## Prompt
Exactly reproduce the line containing "arc A13 (11.903545, 8.768396)" together with every line after it, through the end of the entries, and give nothing more.

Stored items

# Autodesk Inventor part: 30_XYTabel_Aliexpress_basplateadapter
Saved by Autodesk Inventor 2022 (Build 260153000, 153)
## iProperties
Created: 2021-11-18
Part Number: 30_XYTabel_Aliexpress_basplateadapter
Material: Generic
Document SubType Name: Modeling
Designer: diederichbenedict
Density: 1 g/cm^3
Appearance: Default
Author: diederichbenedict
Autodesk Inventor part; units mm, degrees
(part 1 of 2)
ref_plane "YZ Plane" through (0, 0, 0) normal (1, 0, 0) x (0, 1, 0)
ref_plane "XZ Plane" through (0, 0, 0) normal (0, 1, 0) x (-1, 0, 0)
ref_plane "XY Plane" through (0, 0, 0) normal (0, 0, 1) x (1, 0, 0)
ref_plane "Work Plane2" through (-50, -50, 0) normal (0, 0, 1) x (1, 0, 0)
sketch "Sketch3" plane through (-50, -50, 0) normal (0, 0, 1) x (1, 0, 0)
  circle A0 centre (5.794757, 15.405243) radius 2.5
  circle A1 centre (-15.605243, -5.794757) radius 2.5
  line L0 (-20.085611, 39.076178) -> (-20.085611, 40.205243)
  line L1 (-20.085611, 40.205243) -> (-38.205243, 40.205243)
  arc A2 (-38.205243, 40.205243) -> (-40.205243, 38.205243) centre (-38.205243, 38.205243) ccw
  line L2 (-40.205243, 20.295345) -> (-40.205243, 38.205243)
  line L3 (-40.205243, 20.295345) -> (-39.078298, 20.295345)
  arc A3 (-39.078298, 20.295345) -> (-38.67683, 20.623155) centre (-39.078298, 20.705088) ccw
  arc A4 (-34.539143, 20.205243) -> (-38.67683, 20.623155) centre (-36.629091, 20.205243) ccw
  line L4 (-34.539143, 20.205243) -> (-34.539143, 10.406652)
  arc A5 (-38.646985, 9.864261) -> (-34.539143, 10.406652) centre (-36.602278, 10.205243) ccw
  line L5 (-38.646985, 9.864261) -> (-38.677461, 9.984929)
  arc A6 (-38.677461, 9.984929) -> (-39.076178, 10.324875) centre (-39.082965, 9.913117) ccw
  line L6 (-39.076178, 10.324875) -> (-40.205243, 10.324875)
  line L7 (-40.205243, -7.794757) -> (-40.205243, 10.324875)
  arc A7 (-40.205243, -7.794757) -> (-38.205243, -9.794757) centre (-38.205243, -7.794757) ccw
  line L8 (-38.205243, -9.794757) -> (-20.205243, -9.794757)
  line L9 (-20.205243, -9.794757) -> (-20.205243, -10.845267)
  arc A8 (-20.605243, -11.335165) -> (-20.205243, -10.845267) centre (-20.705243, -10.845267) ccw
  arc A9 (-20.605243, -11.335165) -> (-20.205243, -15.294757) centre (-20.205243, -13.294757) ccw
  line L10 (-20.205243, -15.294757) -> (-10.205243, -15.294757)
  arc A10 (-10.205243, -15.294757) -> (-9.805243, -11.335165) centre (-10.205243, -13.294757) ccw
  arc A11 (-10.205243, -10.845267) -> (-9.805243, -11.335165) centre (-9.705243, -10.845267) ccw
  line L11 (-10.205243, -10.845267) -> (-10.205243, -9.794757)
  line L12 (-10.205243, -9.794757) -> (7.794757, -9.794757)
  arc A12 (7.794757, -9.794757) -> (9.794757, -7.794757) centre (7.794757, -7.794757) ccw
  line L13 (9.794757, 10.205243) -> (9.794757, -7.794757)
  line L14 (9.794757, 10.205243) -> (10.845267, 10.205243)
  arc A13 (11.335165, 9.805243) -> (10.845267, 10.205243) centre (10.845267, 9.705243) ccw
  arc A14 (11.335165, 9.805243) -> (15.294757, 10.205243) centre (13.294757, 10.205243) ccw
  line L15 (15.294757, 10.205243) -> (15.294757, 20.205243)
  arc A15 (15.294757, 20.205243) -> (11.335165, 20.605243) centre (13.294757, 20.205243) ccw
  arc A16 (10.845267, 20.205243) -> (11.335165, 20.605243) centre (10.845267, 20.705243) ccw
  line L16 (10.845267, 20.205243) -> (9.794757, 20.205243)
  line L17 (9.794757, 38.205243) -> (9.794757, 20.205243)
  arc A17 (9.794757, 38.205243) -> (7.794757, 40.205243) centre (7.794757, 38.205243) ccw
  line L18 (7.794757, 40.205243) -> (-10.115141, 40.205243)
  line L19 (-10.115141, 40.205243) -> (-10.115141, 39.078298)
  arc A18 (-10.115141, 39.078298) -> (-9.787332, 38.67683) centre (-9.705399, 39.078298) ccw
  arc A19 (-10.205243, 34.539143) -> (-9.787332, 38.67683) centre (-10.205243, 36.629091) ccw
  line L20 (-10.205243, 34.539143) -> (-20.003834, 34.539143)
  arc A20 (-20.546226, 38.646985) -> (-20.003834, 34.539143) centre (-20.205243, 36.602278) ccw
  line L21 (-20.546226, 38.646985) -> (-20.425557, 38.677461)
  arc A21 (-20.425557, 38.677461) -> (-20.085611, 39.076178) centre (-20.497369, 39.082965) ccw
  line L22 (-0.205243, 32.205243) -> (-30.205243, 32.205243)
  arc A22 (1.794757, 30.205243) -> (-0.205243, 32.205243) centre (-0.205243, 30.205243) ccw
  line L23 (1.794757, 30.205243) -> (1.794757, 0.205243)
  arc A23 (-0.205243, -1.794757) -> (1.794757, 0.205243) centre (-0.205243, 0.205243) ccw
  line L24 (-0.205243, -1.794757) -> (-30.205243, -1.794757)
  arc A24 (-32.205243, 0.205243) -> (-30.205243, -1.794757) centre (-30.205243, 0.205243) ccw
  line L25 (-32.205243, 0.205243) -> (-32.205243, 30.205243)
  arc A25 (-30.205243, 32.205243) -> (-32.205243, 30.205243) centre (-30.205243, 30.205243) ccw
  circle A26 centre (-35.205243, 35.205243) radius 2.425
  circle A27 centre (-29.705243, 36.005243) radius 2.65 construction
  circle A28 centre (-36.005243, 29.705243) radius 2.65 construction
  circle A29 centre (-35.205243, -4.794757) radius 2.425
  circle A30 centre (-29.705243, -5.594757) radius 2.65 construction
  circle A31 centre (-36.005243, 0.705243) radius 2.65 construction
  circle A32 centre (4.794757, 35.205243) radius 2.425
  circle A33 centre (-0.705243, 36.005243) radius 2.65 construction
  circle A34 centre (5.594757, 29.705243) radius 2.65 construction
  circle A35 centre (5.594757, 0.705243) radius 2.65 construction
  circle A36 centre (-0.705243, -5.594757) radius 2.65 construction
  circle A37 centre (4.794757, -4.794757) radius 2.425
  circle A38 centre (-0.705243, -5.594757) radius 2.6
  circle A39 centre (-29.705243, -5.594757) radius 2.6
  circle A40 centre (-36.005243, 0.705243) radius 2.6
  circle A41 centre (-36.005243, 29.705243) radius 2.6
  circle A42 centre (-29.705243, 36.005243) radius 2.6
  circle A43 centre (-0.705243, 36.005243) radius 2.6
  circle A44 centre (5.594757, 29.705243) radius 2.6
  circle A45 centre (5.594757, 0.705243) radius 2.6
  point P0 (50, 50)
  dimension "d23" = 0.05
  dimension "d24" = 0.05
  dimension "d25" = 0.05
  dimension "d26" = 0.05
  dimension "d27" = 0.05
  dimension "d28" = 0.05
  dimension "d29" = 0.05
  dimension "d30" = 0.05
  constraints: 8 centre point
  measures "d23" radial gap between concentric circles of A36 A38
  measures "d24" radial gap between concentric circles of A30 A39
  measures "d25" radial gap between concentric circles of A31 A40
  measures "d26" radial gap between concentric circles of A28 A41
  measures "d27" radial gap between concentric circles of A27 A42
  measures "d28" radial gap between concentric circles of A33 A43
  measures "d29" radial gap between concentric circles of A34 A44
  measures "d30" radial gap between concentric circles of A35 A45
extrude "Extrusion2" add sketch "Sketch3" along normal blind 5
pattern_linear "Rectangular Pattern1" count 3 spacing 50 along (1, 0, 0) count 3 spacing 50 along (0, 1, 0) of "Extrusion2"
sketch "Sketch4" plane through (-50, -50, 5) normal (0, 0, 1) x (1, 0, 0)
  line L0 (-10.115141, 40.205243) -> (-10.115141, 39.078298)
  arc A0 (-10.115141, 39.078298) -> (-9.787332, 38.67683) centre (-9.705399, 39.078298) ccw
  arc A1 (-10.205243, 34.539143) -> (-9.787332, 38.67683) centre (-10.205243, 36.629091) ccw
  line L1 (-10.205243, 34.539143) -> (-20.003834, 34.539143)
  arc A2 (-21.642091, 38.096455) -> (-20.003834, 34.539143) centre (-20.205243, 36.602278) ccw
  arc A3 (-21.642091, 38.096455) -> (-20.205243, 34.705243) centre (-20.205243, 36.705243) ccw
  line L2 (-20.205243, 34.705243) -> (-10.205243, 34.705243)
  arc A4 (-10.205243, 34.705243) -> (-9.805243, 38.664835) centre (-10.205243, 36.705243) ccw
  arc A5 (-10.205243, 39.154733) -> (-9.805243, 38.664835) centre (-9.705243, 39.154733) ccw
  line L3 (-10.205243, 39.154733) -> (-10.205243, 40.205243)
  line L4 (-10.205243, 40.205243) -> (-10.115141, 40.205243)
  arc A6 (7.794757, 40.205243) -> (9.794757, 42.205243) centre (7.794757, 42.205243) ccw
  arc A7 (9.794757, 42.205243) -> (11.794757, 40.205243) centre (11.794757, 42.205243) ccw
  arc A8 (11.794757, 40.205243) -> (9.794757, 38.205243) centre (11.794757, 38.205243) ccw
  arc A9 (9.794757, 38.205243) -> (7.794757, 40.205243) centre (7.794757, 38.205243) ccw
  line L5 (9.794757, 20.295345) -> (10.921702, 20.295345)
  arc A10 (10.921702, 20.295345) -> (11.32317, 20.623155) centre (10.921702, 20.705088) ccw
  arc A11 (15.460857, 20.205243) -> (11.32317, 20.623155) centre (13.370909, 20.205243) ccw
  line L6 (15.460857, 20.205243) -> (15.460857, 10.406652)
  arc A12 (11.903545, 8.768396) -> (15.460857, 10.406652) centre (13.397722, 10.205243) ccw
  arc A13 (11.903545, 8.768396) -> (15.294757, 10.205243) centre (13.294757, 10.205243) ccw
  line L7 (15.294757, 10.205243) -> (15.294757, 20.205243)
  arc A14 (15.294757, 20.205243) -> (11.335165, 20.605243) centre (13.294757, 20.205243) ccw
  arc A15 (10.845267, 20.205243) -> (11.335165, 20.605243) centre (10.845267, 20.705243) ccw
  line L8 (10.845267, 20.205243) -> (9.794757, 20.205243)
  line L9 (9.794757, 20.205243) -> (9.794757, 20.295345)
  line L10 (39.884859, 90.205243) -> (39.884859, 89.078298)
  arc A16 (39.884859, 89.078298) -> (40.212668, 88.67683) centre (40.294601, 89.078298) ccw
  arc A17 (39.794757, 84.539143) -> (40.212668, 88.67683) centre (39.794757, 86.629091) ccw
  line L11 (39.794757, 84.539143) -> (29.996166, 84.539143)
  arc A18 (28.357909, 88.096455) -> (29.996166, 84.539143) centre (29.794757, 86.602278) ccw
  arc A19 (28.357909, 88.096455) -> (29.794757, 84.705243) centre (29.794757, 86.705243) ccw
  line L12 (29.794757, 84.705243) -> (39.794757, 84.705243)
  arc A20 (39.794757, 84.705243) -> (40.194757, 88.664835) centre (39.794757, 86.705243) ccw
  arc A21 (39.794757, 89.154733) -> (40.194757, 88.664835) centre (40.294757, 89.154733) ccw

## Response box
  arc A13 (11.903545, 8.768396) -> (15.294757, 10.205243) centre (13.294757, 10.205243) ccw
  line L7 (15.294757, 10.205243) -> (15.294757, 20.205243)
  arc A14 (15.294757, 20.205243) -> (11.335165, 20.605243) centre (13.294757, 20.205243) ccw
  arc A15 (10.845267, 20.205243) -> (11.335165, 20.605243) centre (10.845267, 20.705243) ccw
  line L8 (10.845267, 20.205243) -> (9.794757, 20.205243)
  line L9 (9.794757, 20.205243) -> (9.794757, 20.295345)
  line L10 (39.884859, 90.205243) -> (39.884859, 89.078298)
  arc A16 (39.884859, 89.078298) -> (40.212668, 88.67683) centre (40.294601, 89.078298) ccw
  arc A17 (39.794757, 84.539143) -> (40.212668, 88.67683) centre (39.794757, 86.629091) ccw
  line L11 (39.794757, 84.539143) -> (29.996166, 84.539143)
  arc A18 (28.357909, 88.096455) -> (29.996166, 84.539143) centre (29.794757, 86.602278) ccw
  arc A19 (28.357909, 88.096455) -> (29.794757, 84.705243) centre (29.794757, 86.705243) ccw
  line L12 (29.794757, 84.705243) -> (39.794757, 84.705243)
  arc A20 (39.794757, 84.705243) -> (40.194757, 88.664835) centre (39.794757, 86.705243) ccw
  arc A21 (39.794757, 89.154733) -> (40.194757, 88.664835) centre (40.294757, 89.154733) ccw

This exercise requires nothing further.